Страдание это, однако, в силу большой, стремительной живости воображения, которое доставляло мне, даже в спокойные моменты жизни, немало мелких предвосхищений будущего и ярких повторений прошлого,— было неизмеримым числом раз значительнее впечатления от настоящих
строк, что пишутся мною спокойно, как бы не о себе. Сцена расстрела, со всеми её подробностями, пережилась мною с быстротой вздоха. Я осязал свои шаги по зелёной траве сада, видел себя стоящим у стены каменного сарая и преодолевал уже мысленно зловещую, как набат, тяжесть
последнего ожидания, тоску готового полыхнуть залпа, после чего наступает таинственное ничто, в то время как нечто — труп, залитый фыркающей из сердца и головы кровью,— лежит на земле, шевелясь в жалких конвульсиях.
Моё здоровое молодое тело, проникаясь предвосхищением смерти, отталкивало её каждым биением пульса. Солдат положил мне на плечо руку, кивнув головой в сторону двери; угрюмое любопытство читалось в его лице, обведённом ремешком каски.
— Вальфельд ! — сказал старик, вертевший в руках волчок.— Скажите, чтобы обождали с расстрелом. Я хочу сделать вам некое предложение.
Допросчик, он же начальник отряда, занявшего наше местечко, неохотно подошёл к офицеру.
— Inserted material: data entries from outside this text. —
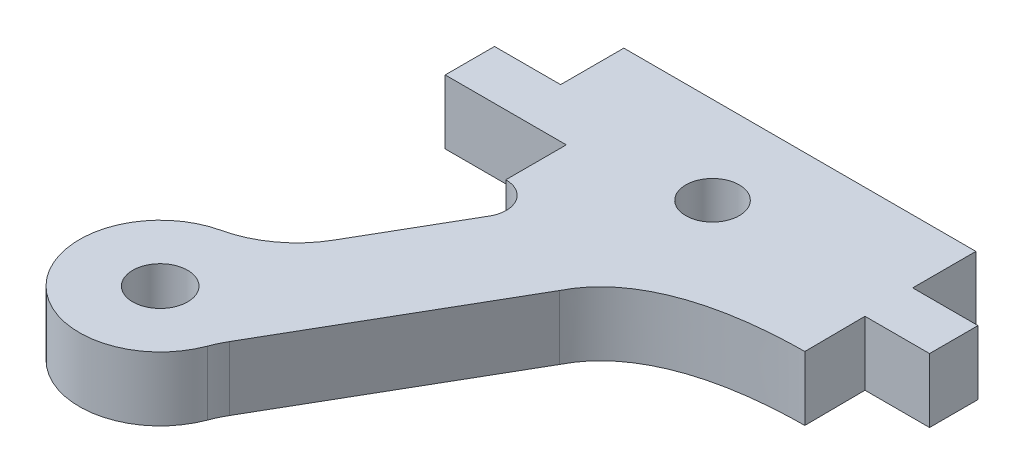
ISO-10303-21;
HEADER;
FILE_DESCRIPTION(('STEP AP214'),'2;1');
FILE_NAME('part.step','',(''),(''),'','','');
FILE_SCHEMA(('AUTOMOTIVE_DESIGN { 1 0 10303 214 1 1 1 1 }'));
ENDSEC;
DATA;
#1=APPLICATION_CONTEXT('core data for automotive mechanical design processes');
#2=APPLICATION_PROTOCOL_DEFINITION('international standard','automotive_design',2000,#1);
#3=PRODUCT_CONTEXT('',#1,'mechanical');
#4=PRODUCT('Part','Part','',(#3));
#5=PRODUCT_RELATED_PRODUCT_CATEGORY('part','',(#4));
#6=PRODUCT_DEFINITION_FORMATION('','',#4);
#7=PRODUCT_DEFINITION_CONTEXT('part definition',#1,'design');
#8=PRODUCT_DEFINITION('design','',#6,#7);
#9=PRODUCT_DEFINITION_SHAPE('','',#8);
#10=(LENGTH_UNIT() NAMED_UNIT(*) SI_UNIT(.MILLI.,.METRE.));
#11=(NAMED_UNIT(*) PLANE_ANGLE_UNIT() SI_UNIT($,.RADIAN.));
#12=(NAMED_UNIT(*) SI_UNIT($,.STERADIAN.) SOLID_ANGLE_UNIT());
#13=UNCERTAINTY_MEASURE_WITH_UNIT(LENGTH_MEASURE(1.E-05),#10,'distance_accuracy_value','');
#14=(GEOMETRIC_REPRESENTATION_CONTEXT(3) GLOBAL_UNCERTAINTY_ASSIGNED_CONTEXT((#13)) GLOBAL_UNIT_ASSIGNED_CONTEXT((#10,
#11,#12)) REPRESENTATION_CONTEXT('',''));
#15=CARTESIAN_POINT('',(0.,0.,0.));
#16=DIRECTION('',(0.,0.,1.));
#17=DIRECTION('',(1.,0.,0.));
#18=AXIS2_PLACEMENT_3D('',#15,#16,#17);
#19=CARTESIAN_POINT('',(117.147916967197,3.175,-107.308257011216));
#20=DIRECTION('',(0.,-1.,0.));
#21=DIRECTION('',(0.,0.,-1.));
#22=AXIS2_PLACEMENT_3D('',#19,#20,#21);
#23=PLANE('',#22);
#24=CARTESIAN_POINT('',(108.7226006299,3.175,-110.472754541073));
#25=DIRECTION('',(0.,1.,0.));
#26=DIRECTION('',(0.,0.,1.));
#27=AXIS2_PLACEMENT_3D('',#24,#25,#26);
#28=CIRCLE('',#27,1.36);
#29=CARTESIAN_POINT('',(108.7226006299,3.175,-109.112754541073));
#30=VERTEX_POINT('',#29);
#31=EDGE_CURVE('E195',#30,#30,#28,.T.);
#32=ORIENTED_EDGE('',*,*,#31,.F.);
#33=EDGE_LOOP('',(#32));
#34=FACE_BOUND('',#33,.T.);
#35=CARTESIAN_POINT('',(117.147916967197,3.175,-107.308257011216));
#36=DIRECTION('',(0.,-1.,0.));
#37=DIRECTION('',(0.,0.,-1.));
#38=AXIS2_PLACEMENT_3D('',#35,#36,#37);
#39=CIRCLE('',#38,5.00000000000112);
#40=CARTESIAN_POINT('',(112.467185668698,3.175,-109.066311194469));
#41=VERTEX_POINT('',#40);
#42=CARTESIAN_POINT('',(112.817819601477,3.175,-109.808308371367));
#43=VERTEX_POINT('',#42);
#44=EDGE_CURVE('E231',#41,#43,#39,.T.);
#45=ORIENTED_EDGE('',*,*,#44,.T.);
#46=DIRECTION('',(0.500010272030281,0.,-0.866019473143765));
#47=VECTOR('',#46,1.);
#48=CARTESIAN_POINT('',(118.803678696097,3.175,-120.175836459114));
#49=LINE('',#48,#47);
#50=CARTESIAN_POINT('',(118.803678696098,3.175,-120.175836459113));
#51=VERTEX_POINT('',#50);
#52=EDGE_CURVE('E124',#43,#51,#49,.T.);
#53=ORIENTED_EDGE('',*,*,#52,.T.);
#54=CARTESIAN_POINT('',(118.803678696098,3.175,-120.175836459113));
#55=CARTESIAN_POINT('',(120.361778696098,3.175,-123.269636459114));
#56=CARTESIAN_POINT('',(125.055778696098,3.175,-123.618636459114));
#57=CARTESIAN_POINT('',(127.497578696098,3.175,-123.636436459114));
#58=B_SPLINE_CURVE_WITH_KNOTS('',3,(#54,#55,#56,#57),.UNSPECIFIED.,.F.,.F.,(4,4),
(0.666666666666667,0.708333333333333),.UNSPECIFIED.);
#59=CARTESIAN_POINT('',(127.497578696098,3.175,-123.636436459114));
#60=VERTEX_POINT('',#59);
#61=EDGE_CURVE('E276',#51,#60,#58,.T.);
#62=ORIENTED_EDGE('',*,*,#61,.T.);
#63=DIRECTION('',(-0.00719981338325912,0.,-0.999974081007726));
#64=VECTOR('',#63,1.);
#65=CARTESIAN_POINT('',(127.475978696098,3.175,-126.636436459114));
#66=LINE('',#65,#64);
#67=CARTESIAN_POINT('',(127.475978696098,3.175,-126.636436459114));
#68=VERTEX_POINT('',#67);
#69=EDGE_CURVE('E295',#60,#68,#66,.T.);
#70=ORIENTED_EDGE('',*,*,#69,.T.);
#71=DIRECTION('',(1.,0.,0.));
#72=VECTOR('',#71,1.);
#73=CARTESIAN_POINT('',(130.675779855545,3.175,-126.636436459114));
#74=LINE('',#73,#72);
#75=CARTESIAN_POINT('',(130.675779855545,3.175,-126.636436459114));
#76=VERTEX_POINT('',#75);
#77=EDGE_CURVE('E292',#68,#76,#74,.T.);
#78=ORIENTED_EDGE('',*,*,#77,.T.);
#79=DIRECTION('',(0.,0.,-1.));
#80=VECTOR('',#79,1.);
#81=CARTESIAN_POINT('',(130.675779855545,3.175,-129.036436459114));
#82=LINE('',#81,#80);
#83=CARTESIAN_POINT('',(130.675779855545,3.175,-129.036436459114));
#84=VERTEX_POINT('',#83);
#85=EDGE_CURVE('E294',#76,#84,#82,.T.);
#86=ORIENTED_EDGE('',*,*,#85,.T.);
#87=DIRECTION('',(-1.,0.,0.));
#88=VECTOR('',#87,1.);
#89=CARTESIAN_POINT('',(130.675779855545,3.175,-129.036436459114));
#90=LINE('',#89,#88);
#91=CARTESIAN_POINT('',(127.440025110759,3.175,-129.036436459114));
#92=VERTEX_POINT('',#91);
#93=EDGE_CURVE('E297',#84,#92,#90,.T.);
#94=ORIENTED_EDGE('',*,*,#93,.T.);
#95=DIRECTION('',(0.,0.,-1.));
#96=VECTOR('',#95,1.);
#97=CARTESIAN_POINT('',(127.440025110759,3.175,-129.036436459114));
#98=LINE('',#97,#96);
#99=CARTESIAN_POINT('',(127.440025110759,3.175,-132.168236459114));
#100=VERTEX_POINT('',#99);
#101=EDGE_CURVE('E303',#92,#100,#98,.T.);
#102=ORIENTED_EDGE('',*,*,#101,.T.);
#103=DIRECTION('',(-1.,0.,0.));
#104=VECTOR('',#103,1.);
#105=CARTESIAN_POINT('',(109.997615957605,3.175,-132.168236459114));
#106=LINE('',#105,#104);
#107=CARTESIAN_POINT('',(109.997615957605,3.175,-132.168236459114));
#108=VERTEX_POINT('',#107);
#109=EDGE_CURVE('E305',#100,#108,#106,.T.);
#110=ORIENTED_EDGE('',*,*,#109,.T.);
#111=DIRECTION('',(0.,0.,1.));
#112=VECTOR('',#111,1.);
#113=CARTESIAN_POINT('',(109.997615957605,3.175,-129.036436459114));
#114=LINE('',#113,#112);
#115=CARTESIAN_POINT('',(109.997615957605,3.175,-129.036436459114));
#116=VERTEX_POINT('',#115);
#117=EDGE_CURVE('E307',#108,#116,#114,.T.);
#118=ORIENTED_EDGE('',*,*,#117,.T.);
#119=DIRECTION('',(-1.,0.,0.));
#120=VECTOR('',#119,1.);
#121=CARTESIAN_POINT('',(106.722915957605,3.175,-129.036436459114));
#122=LINE('',#121,#120);
#123=CARTESIAN_POINT('',(106.722915957605,3.175,-129.036436459114));
#124=VERTEX_POINT('',#123);
#125=EDGE_CURVE('E309',#116,#124,#122,.T.);
#126=ORIENTED_EDGE('',*,*,#125,.T.);
#127=DIRECTION('',(0.,0.,1.));
#128=VECTOR('',#127,1.);
#129=CARTESIAN_POINT('',(106.722915957605,3.175,-129.036436459114));
#130=LINE('',#129,#128);
#131=CARTESIAN_POINT('',(106.722915957605,3.175,-126.593302227627));
#132=VERTEX_POINT('',#131);
#133=EDGE_CURVE('E311',#124,#132,#130,.T.);
#134=ORIENTED_EDGE('',*,*,#133,.T.);
#135=DIRECTION('',(1.,0.,0.));
#136=VECTOR('',#135,1.);
#137=CARTESIAN_POINT('',(112.722877294147,3.175,-126.593302227627));
#138=LINE('',#137,#136);
#139=CARTESIAN_POINT('',(112.722877294147,3.175,-126.593302227627));
#140=VERTEX_POINT('',#139);
#141=EDGE_CURVE('E313',#132,#140,#138,.T.);
#142=ORIENTED_EDGE('',*,*,#141,.T.);
#143=DIRECTION('',(-3.36371008937517E-05,0.,0.999999999434273));
#144=VECTOR('',#143,1.);
#145=CARTESIAN_POINT('',(112.722877294147,3.175,-126.593302227627));
#146=LINE('',#145,#144);
#147=CARTESIAN_POINT('',(112.722776380156,3.175,-123.593222295389));
#148=VERTEX_POINT('',#147);
#149=EDGE_CURVE('E315',#140,#148,#146,.T.);
#150=ORIENTED_EDGE('',*,*,#149,.T.);
#151=CARTESIAN_POINT('',(112.746841426835,3.175,-122.290489268781));
#152=DIRECTION('',(0.,-1.,0.));
#153=DIRECTION('',(0.,0.,-1.));
#154=AXIS2_PLACEMENT_3D('',#151,#152,#153);
#155=CIRCLE('',#154,1.30295528130786);
#156=CARTESIAN_POINT('',(113.863024117118,3.175,-121.618307249532));
#157=VERTEX_POINT('',#156);
#158=EDGE_CURVE('E173',#148,#157,#155,.T.);
#159=ORIENTED_EDGE('',*,*,#158,.T.);
#160=DIRECTION('',(-0.500007031483039,0.,0.866021344117753));
#161=VECTOR('',#160,1.);
#162=CARTESIAN_POINT('',(113.863024117118,3.175,-121.618307249532));
#163=LINE('',#162,#161);
#164=CARTESIAN_POINT('',(111.050643934472,3.175,-116.747213219672));
#165=VERTEX_POINT('',#164);
#166=EDGE_CURVE('E167',#157,#165,#163,.T.);
#167=ORIENTED_EDGE('',*,*,#166,.T.);
#168=CARTESIAN_POINT('',(106.720537213884,3.175,-119.247248377087));
#169=DIRECTION('',(0.,-1.,0.));
#170=DIRECTION('',(0.,0.,1.));
#171=AXIS2_PLACEMENT_3D('',#168,#169,#170);
#172=CIRCLE('',#171,4.99999999999933);
#173=CARTESIAN_POINT('',(107.832794667225,3.175,-114.372529579301));
#174=VERTEX_POINT('',#173);
#175=EDGE_CURVE('E171',#165,#174,#172,.T.);
#176=ORIENTED_EDGE('',*,*,#175,.T.);
#177=CARTESIAN_POINT('',(108.7226006299,3.175,-110.472754541073));
#178=DIRECTION('',(0.,1.,0.));
#179=DIRECTION('',(0.,0.,1.));
#180=AXIS2_PLACEMENT_3D('',#177,#178,#179);
#181=CIRCLE('',#180,3.99999999999977);
#182=EDGE_CURVE('E51',#174,#41,#181,.T.);
#183=ORIENTED_EDGE('',*,*,#182,.T.);
#184=EDGE_LOOP('',(#45,#53,#62,#70,#78,#86,#94,#102,#110,#118,#126,#134,#142,#150,#159,#167,
#176,#183));
#185=FACE_BOUND('',#184,.T.);
#186=CARTESIAN_POINT('',(118.723210584464,3.175,-127.836436459114));
#187=DIRECTION('',(0.,1.,0.));
#188=DIRECTION('',(0.,0.,1.));
#189=AXIS2_PLACEMENT_3D('',#186,#187,#188);
#190=CIRCLE('',#189,1.32501209994475);
#191=CARTESIAN_POINT('',(118.723210584464,3.175,-126.511424359169));
#192=VERTEX_POINT('',#191);
#193=EDGE_CURVE('E358',#192,#192,#190,.T.);
#194=ORIENTED_EDGE('',*,*,#193,.F.);
#195=EDGE_LOOP('',(#194));
#196=FACE_BOUND('',#195,.T.);
#197=ADVANCED_FACE('F34',(#34,#185,#196),#23,.F.);
#198=CARTESIAN_POINT('',(117.147916967197,0.,-107.308257011216));
#199=DIRECTION('',(0.,-1.,0.));
#200=DIRECTION('',(0.,0.,-1.));
#201=AXIS2_PLACEMENT_3D('',#198,#199,#200);
#202=PLANE('',#201);
#203=CARTESIAN_POINT('',(108.7226006299,0.,-110.472754541073));
#204=DIRECTION('',(0.,1.,0.));
#205=DIRECTION('',(0.,0.,1.));
#206=AXIS2_PLACEMENT_3D('',#203,#204,#205);
#207=CIRCLE('',#206,1.36);
#208=CARTESIAN_POINT('',(108.7226006299,0.,-109.112754541073));
#209=VERTEX_POINT('',#208);
#210=EDGE_CURVE('E363',#209,#209,#207,.T.);
#211=ORIENTED_EDGE('',*,*,#210,.T.);
#212=EDGE_LOOP('',(#211));
#213=FACE_BOUND('',#212,.T.);
#214=CARTESIAN_POINT('',(117.147916967197,0.,-107.308257011216));
#215=DIRECTION('',(0.,-1.,0.));
#216=DIRECTION('',(0.,0.,-1.));
#217=AXIS2_PLACEMENT_3D('',#214,#215,#216);
#218=CIRCLE('',#217,5.00000000000112);
#219=CARTESIAN_POINT('',(112.467185668698,0.,-109.066311194469));
#220=VERTEX_POINT('',#219);
#221=CARTESIAN_POINT('',(112.817819601477,0.,-109.808308371367));
#222=VERTEX_POINT('',#221);
#223=EDGE_CURVE('E191',#220,#222,#218,.T.);
#224=ORIENTED_EDGE('',*,*,#223,.F.);
#225=CARTESIAN_POINT('',(108.7226006299,0.,-110.472754541073));
#226=DIRECTION('',(0.,1.,0.));
#227=DIRECTION('',(0.,0.,1.));
#228=AXIS2_PLACEMENT_3D('',#225,#226,#227);
#229=CIRCLE('',#228,3.99999999999977);
#230=CARTESIAN_POINT('',(107.832794667225,0.,-114.372529579301));
#231=VERTEX_POINT('',#230);
#232=EDGE_CURVE('E116',#231,#220,#229,.T.);
#233=ORIENTED_EDGE('',*,*,#232,.F.);
#234=CARTESIAN_POINT('',(106.720537213884,0.,-119.247248377087));
#235=DIRECTION('',(0.,-1.,0.));
#236=DIRECTION('',(0.,0.,1.));
#237=AXIS2_PLACEMENT_3D('',#234,#235,#236);
#238=CIRCLE('',#237,4.99999999999933);
#239=CARTESIAN_POINT('',(111.050643934472,0.,-116.747213219672));
#240=VERTEX_POINT('',#239);
#241=EDGE_CURVE('E110',#240,#231,#238,.T.);
#242=ORIENTED_EDGE('',*,*,#241,.F.);
#243=DIRECTION('',(-0.500007031483039,0.,0.866021344117753));
#244=VECTOR('',#243,1.);
#245=CARTESIAN_POINT('',(113.863024117118,0.,-121.618307249532));
#246=LINE('',#245,#244);
#247=CARTESIAN_POINT('',(113.863024117118,0.,-121.618307249532));
#248=VERTEX_POINT('',#247);
#249=EDGE_CURVE('E181',#248,#240,#246,.T.);
#250=ORIENTED_EDGE('',*,*,#249,.F.);
#251=CARTESIAN_POINT('',(112.746841426835,0.,-122.290489268781));
#252=DIRECTION('',(0.,-1.,0.));
#253=DIRECTION('',(0.,0.,-1.));
#254=AXIS2_PLACEMENT_3D('',#251,#252,#253);
#255=CIRCLE('',#254,1.30295528130786);
#256=CARTESIAN_POINT('',(112.722776380156,0.,-123.593222295389));
#257=VERTEX_POINT('',#256);
#258=EDGE_CURVE('E226',#257,#248,#255,.T.);
#259=ORIENTED_EDGE('',*,*,#258,.F.);
#260=DIRECTION('',(-3.36371008937517E-05,0.,0.999999999434273));
#261=VECTOR('',#260,1.);
#262=CARTESIAN_POINT('',(112.722877294147,0.,-126.593302227627));
#263=LINE('',#262,#261);
#264=CARTESIAN_POINT('',(112.722877294147,0.,-126.593302227627));
#265=VERTEX_POINT('',#264);
#266=EDGE_CURVE('E224',#265,#257,#263,.T.);
#267=ORIENTED_EDGE('',*,*,#266,.F.);
#268=DIRECTION('',(1.,0.,0.));
#269=VECTOR('',#268,1.);
#270=CARTESIAN_POINT('',(112.722877294147,0.,-126.593302227627));
#271=LINE('',#270,#269);
#272=CARTESIAN_POINT('',(106.722915957605,0.,-126.593302227627));
#273=VERTEX_POINT('',#272);
#274=EDGE_CURVE('E222',#273,#265,#271,.T.);
#275=ORIENTED_EDGE('',*,*,#274,.F.);
#276=DIRECTION('',(0.,0.,1.));
#277=VECTOR('',#276,1.);
#278=CARTESIAN_POINT('',(106.722915957605,0.,-129.036436459114));
#279=LINE('',#278,#277);
#280=CARTESIAN_POINT('',(106.722915957605,0.,-129.036436459114));
#281=VERTEX_POINT('',#280);
#282=EDGE_CURVE('E220',#281,#273,#279,.T.);
#283=ORIENTED_EDGE('',*,*,#282,.F.);
#284=DIRECTION('',(-1.,0.,0.));
#285=VECTOR('',#284,1.);
#286=CARTESIAN_POINT('',(106.722915957605,0.,-129.036436459114));
#287=LINE('',#286,#285);
#288=CARTESIAN_POINT('',(109.997615957605,0.,-129.036436459114));
#289=VERTEX_POINT('',#288);
#290=EDGE_CURVE('E218',#289,#281,#287,.T.);
#291=ORIENTED_EDGE('',*,*,#290,.F.);
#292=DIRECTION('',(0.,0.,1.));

Я различил тихий шёпот, столь тихий, что он скрадывал все слова. Напряжённо следя за выражением двух лиц, изредка посматривающих на меня невинно скользящим взглядом, я без труда догадался, что неприятели вознамерились вновь попытать счастья, употребив в отношении меня нечто, пока мне ещё не известное. О таком намерении говорило движение пальца старика, чертившего на буфетной доске какой-то воображаемый план. Этот топографический интерес беседы, в связи с отсрочкой расстрела, убедил меня в наличности нового покушения на мою
стойкость, и я не ошибся.
За время этих испытаний я чистосердечно радовался тому, что жена и дети в отсутствии. Они выехали заблаговременно на Т. П., далёкие от мысли, что я могу задержаться. Однако мои служебные обязательства потребовали остаться дня на три сверх срока, и это совпало с появлением пруссаков. Я говорю, что радовался отсутствию близких. Конечно, отчаяние жены и бледность её лица не поколебали бы моей твёрдости, но мучения вдвоём тягостнее и нестерпимее, чем переносимые в одиночестве кем-либо одним из двух, при уверенности, что второе лицо спокойно в своём незнании. Это мрачное утешение осенило меня теперь, в то время как Вальфельд подходил ко мне, держа в руке волчок, взятый у старика.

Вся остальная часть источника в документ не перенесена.